DATA SECTION:
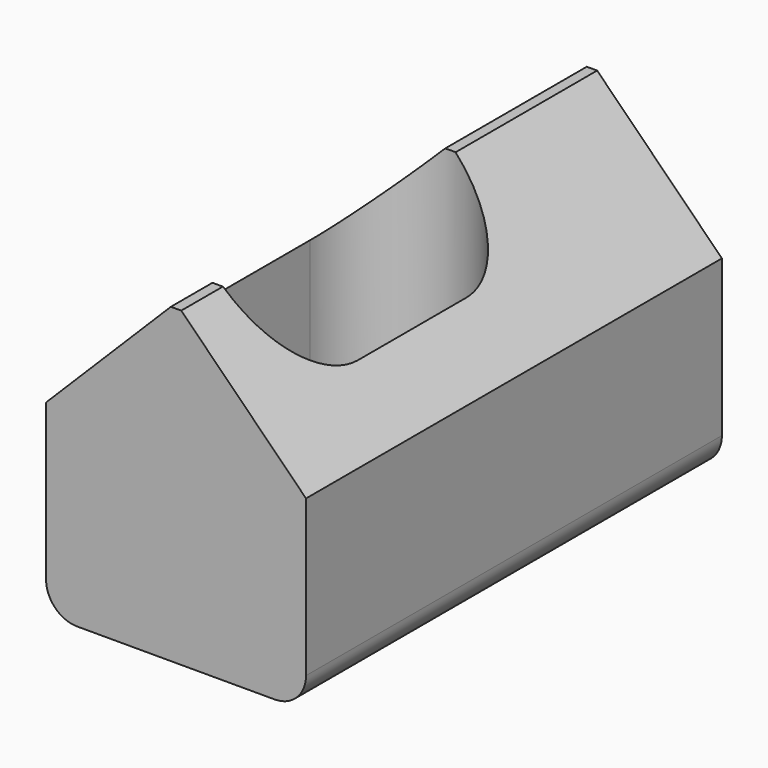
from build123d import *

# Parameters (mm, degrees)
F0_W        = 6.35
F0_H        = 12.7
F1_DEPTH    = 7.62
F3_DEPTH    = 6.35
F4_T1_DEPTH = 28.3769794946
F5_R        = 0.762


# Not quite as in the source:
# - a fillet or chamfer that OpenCascade refuses, or shapes differently, is made with other operations: its cross-section is extruded or revolved along the edge and cut away or added
# - a feature names something its author has since deleted; it is built from what else it names


with BuildPart() as f1:
    # F0 (on Top) → F1 (new body)
    with BuildSketch(Plane.XY):
        with Locations((-47.625, -6.35)):
            Rectangle(F0_W, F0_H)
    extrude(amount=F1_DEPTH)

    # F2 (on face) → F3 (cut)
    with BuildSketch(Plane.XY.offset(7.62)):
        with BuildLine():
            ThreePointArc((-45.72, -6.223), (-47.625, -4.318), (-49.53, -6.223))
            Line((-49.53, -6.223), (-49.53, -9.525))
            ThreePointArc((-49.53, -9.525), (-47.625, -11.43), (-45.72, -9.525))
            Line((-45.72, -9.525), (-45.72, -6.223))
        make_face()
    extrude(amount=-F3_DEPTH, mode=Mode.SUBTRACT)

    # F4: chamfer of 3.048 on 2 edges, made by hand

    # F4_s2 → F4_t1 (cut)
    with BuildSketch(Plane.XZ.offset(-7.8384897473)):
        Polygon((-50.8, 4.572), (-47.752, 7.62), (-50.8, 7.62), align=None)
        Polygon((-44.45, 4.572), (-47.498, 7.62), (-44.45, 7.62), align=None)
    extrude(amount=F4_T1_DEPTH, mode=Mode.SUBTRACT)

    # F5
    f5_edges = [f1.edges().sort_by_distance(p)[0] for p in [
        (-50.8, -6.35, 0),
        (-44.45, -6.35, 0),
    ]]
    fillet(f5_edges, radius=F5_R)


solid = f1.part

INSTRUCTIONS FOR THE TASK:
Could you repeat the data exactly, omitting its pictures?

YOUR SOLUTION:
from build123d import *

# Parameters (mm, degrees)
F0_W        = 6.35
F0_H        = 12.7
F1_DEPTH    = 7.62
F3_DEPTH    = 6.35
F4_T1_DEPTH = 28.3769794946
F5_R        = 0.762


# Not quite as in the source:
# - a fillet or chamfer that OpenCascade refuses, or shapes differently, is made with other operations: its cross-section is extruded or revolved along the edge and cut away or added
# - a feature names something its author has since deleted; it is built from what else it names


with BuildPart() as f1:
    # F0 (on Top) → F1 (new body)
    with BuildSketch(Plane.XY):
        with Locations((-47.625, -6.35)):
            Rectangle(F0_W, F0_H)
    extrude(amount=F1_DEPTH)

    # F2 (on face) → F3 (cut)
    with BuildSketch(Plane.XY.offset(7.62)):
        with BuildLine():
            ThreePointArc((-45.72, -6.223), (-47.625, -4.318), (-49.53, -6.223))
            Line((-49.53, -6.223), (-49.53, -9.525))
            ThreePointArc((-49.53, -9.525), (-47.625, -11.43), (-45.72, -9.525))
            Line((-45.72, -9.525), (-45.72, -6.223))
        make_face()
    extrude(amount=-F3_DEPTH, mode=Mode.SUBTRACT)

    # F4: chamfer of 3.048 on 2 edges, made by hand

    # F4_s2 → F4_t1 (cut)
    with BuildSketch(Plane.XZ.offset(-7.8384897473)):
        Polygon((-50.8, 4.572), (-47.752, 7.62), (-50.8, 7.62), align=None)
        Polygon((-44.45, 4.572), (-47.498, 7.62), (-44.45, 7.62), align=None)
    extrude(amount=F4_T1_DEPTH, mode=Mode.SUBTRACT)

    # F5
    f5_edges = [f1.edges().sort_by_distance(p)[0] for p in [
        (-50.8, -6.35, 0),
        (-44.45, -6.35, 0),
    ]]
    fillet(f5_edges, radius=F5_R)


solid = f1.part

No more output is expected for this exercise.